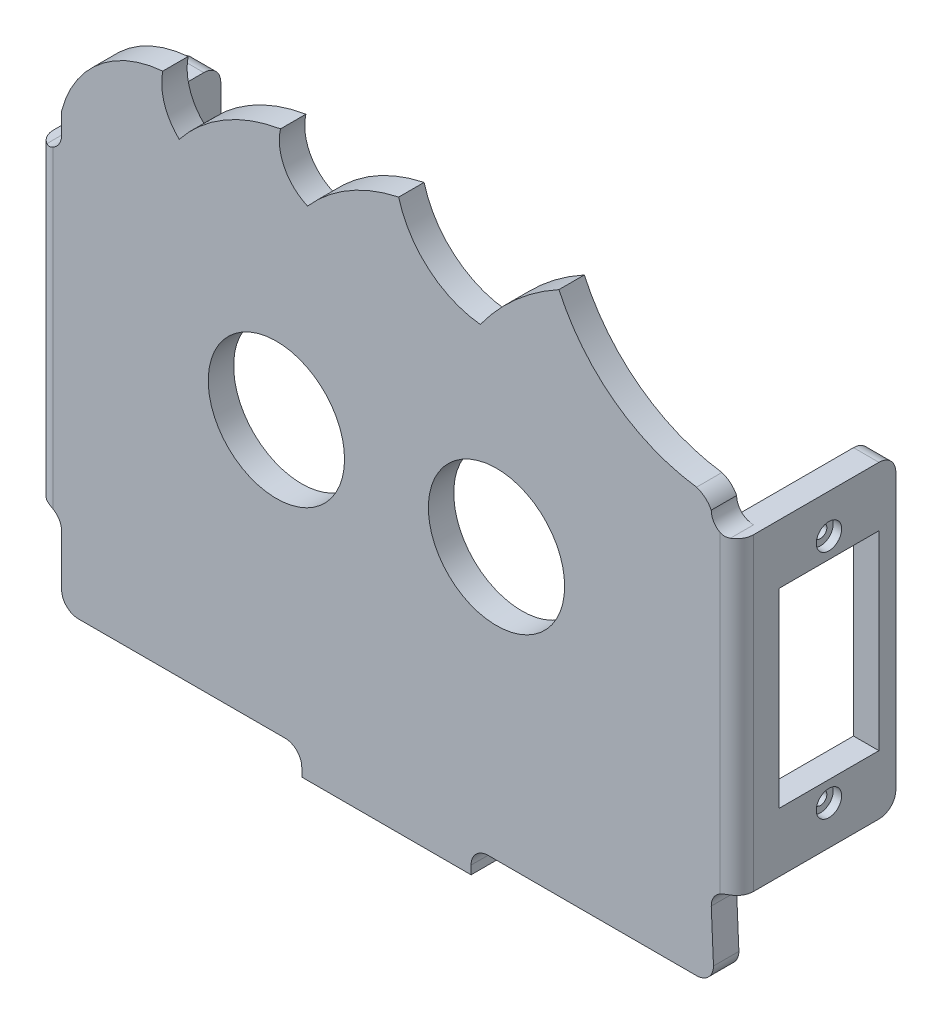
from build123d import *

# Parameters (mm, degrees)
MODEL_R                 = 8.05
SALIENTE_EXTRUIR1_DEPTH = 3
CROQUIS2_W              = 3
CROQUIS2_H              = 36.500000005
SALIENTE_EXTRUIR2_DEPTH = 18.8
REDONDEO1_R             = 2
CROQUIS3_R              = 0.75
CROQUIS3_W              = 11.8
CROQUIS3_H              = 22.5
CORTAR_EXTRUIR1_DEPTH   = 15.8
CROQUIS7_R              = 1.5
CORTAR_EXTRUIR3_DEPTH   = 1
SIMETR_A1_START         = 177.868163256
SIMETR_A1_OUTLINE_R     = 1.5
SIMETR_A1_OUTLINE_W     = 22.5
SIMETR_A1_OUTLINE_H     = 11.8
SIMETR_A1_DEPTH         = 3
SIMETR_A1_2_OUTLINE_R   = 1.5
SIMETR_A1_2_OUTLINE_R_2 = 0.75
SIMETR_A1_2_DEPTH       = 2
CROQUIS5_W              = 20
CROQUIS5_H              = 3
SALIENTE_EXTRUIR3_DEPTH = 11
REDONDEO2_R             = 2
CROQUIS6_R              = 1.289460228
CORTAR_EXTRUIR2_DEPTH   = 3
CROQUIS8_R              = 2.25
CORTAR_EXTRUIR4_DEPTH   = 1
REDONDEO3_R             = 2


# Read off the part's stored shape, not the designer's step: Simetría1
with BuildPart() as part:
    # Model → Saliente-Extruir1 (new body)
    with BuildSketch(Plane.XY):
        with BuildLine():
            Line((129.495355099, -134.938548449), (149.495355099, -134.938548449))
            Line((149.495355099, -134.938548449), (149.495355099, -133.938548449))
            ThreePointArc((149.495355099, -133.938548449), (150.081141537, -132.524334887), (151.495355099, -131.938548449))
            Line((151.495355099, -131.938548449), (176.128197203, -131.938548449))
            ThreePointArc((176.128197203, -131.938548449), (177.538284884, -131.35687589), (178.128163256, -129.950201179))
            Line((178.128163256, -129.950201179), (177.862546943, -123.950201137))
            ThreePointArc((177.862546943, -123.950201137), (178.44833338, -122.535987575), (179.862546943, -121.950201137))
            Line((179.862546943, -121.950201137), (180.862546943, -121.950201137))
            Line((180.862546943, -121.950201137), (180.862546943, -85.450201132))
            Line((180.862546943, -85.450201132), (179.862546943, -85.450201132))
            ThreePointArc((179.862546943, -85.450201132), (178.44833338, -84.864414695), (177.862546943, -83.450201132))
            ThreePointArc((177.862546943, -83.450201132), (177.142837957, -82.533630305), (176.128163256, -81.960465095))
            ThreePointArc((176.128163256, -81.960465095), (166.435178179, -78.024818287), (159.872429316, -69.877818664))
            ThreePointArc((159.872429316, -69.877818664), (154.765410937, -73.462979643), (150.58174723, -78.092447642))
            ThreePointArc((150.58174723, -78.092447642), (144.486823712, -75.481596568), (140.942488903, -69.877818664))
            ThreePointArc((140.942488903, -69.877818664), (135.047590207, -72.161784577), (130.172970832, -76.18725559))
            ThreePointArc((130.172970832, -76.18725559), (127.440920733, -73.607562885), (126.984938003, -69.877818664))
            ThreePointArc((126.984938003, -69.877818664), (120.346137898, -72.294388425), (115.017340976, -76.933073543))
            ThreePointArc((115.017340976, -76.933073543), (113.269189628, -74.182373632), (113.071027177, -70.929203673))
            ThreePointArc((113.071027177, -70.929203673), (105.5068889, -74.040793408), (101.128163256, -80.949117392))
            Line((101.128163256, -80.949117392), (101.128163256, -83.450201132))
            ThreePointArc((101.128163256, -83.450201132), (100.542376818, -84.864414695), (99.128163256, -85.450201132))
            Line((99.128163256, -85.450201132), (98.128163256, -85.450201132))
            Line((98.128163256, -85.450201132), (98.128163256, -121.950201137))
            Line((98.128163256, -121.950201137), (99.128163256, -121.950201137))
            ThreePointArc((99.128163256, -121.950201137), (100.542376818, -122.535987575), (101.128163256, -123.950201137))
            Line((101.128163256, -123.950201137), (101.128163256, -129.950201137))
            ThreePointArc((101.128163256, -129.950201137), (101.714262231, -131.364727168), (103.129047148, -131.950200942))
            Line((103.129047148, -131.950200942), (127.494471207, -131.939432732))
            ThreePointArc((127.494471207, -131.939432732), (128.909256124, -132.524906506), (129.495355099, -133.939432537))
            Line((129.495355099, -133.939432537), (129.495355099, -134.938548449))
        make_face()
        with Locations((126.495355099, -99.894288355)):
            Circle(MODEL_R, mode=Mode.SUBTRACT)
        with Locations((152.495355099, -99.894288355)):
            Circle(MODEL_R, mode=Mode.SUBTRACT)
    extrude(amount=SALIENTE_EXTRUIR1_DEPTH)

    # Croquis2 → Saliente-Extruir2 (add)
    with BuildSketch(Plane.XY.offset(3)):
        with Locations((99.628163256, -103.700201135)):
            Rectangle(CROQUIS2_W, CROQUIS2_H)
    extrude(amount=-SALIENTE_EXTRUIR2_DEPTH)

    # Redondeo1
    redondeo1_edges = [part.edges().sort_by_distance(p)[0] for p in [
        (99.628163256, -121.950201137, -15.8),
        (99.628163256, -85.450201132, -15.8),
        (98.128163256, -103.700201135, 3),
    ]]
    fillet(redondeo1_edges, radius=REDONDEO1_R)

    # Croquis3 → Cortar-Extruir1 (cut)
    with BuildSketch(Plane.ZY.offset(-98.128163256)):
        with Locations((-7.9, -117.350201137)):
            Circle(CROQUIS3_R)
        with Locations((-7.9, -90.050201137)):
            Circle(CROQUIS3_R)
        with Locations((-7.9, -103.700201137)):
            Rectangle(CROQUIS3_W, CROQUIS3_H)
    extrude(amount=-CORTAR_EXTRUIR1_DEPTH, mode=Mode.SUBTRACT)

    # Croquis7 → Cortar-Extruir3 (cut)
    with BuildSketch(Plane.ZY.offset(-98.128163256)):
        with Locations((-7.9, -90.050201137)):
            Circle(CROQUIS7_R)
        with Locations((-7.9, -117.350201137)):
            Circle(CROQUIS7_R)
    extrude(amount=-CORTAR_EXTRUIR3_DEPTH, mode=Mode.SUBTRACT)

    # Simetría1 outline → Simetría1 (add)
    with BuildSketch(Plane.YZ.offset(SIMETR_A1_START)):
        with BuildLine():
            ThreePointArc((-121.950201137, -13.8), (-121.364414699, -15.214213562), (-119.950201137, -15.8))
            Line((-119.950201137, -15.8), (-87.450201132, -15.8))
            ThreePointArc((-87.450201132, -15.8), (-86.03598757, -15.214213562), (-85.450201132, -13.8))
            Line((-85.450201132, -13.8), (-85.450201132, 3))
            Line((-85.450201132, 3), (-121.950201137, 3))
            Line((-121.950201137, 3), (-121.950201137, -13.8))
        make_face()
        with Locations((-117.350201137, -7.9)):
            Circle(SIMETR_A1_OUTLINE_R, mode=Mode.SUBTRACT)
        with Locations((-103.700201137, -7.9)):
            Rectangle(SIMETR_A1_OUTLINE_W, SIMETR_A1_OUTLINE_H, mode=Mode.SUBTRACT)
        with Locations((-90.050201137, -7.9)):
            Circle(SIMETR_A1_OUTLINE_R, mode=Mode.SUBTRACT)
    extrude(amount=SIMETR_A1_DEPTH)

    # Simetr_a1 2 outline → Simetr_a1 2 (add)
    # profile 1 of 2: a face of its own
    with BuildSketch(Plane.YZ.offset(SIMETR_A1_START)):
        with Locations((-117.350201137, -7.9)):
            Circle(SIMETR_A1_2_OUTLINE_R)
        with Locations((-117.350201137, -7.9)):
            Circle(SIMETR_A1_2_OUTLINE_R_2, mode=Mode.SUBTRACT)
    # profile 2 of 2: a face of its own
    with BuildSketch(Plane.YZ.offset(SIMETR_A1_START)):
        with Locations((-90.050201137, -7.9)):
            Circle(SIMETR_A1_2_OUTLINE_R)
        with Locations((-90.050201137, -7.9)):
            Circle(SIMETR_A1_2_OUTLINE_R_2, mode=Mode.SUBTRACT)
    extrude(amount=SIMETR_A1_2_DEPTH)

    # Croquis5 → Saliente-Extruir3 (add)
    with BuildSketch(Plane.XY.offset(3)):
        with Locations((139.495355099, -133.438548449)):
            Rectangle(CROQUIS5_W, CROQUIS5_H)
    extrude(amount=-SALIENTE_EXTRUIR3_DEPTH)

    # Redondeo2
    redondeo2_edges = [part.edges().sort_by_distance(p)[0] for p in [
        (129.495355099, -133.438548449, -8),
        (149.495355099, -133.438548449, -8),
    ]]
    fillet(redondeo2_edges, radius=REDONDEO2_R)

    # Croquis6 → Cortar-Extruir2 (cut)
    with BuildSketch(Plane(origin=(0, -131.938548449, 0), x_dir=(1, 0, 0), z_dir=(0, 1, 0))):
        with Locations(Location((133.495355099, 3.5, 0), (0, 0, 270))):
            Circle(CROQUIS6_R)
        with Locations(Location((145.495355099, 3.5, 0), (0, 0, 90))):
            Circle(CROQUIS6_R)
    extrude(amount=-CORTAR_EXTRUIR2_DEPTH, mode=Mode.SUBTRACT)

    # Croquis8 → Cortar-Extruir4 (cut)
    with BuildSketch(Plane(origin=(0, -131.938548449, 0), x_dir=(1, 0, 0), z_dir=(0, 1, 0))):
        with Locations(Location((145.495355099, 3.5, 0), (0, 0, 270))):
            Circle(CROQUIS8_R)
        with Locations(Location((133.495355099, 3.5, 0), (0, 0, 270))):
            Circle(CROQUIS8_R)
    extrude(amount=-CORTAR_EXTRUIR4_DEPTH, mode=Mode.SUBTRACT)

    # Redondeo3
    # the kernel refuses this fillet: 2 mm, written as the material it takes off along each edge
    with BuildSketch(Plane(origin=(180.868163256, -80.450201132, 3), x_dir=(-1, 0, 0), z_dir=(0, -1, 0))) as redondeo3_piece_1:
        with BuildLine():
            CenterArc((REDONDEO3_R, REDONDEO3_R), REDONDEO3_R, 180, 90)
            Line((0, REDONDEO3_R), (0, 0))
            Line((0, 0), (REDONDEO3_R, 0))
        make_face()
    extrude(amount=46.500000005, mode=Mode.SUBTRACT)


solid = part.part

Exercise objective | Print exactly the lines above from the one with "-74.182373632), (113.071027177, -70.929203673))" to the one with "-85.450201132), (98.128163256, -121.950201137))", including both.

Task solution |
            ThreePointArc((115.017340976, -76.933073543), (113.269189628, -74.182373632), (113.071027177, -70.929203673))
            ThreePointArc((113.071027177, -70.929203673), (105.5068889, -74.040793408), (101.128163256, -80.949117392))
            Line((101.128163256, -80.949117392), (101.128163256, -83.450201132))
            ThreePointArc((101.128163256, -83.450201132), (100.542376818, -84.864414695), (99.128163256, -85.450201132))
            Line((99.128163256, -85.450201132), (98.128163256, -85.450201132))
            Line((98.128163256, -85.450201132), (98.128163256, -121.950201137))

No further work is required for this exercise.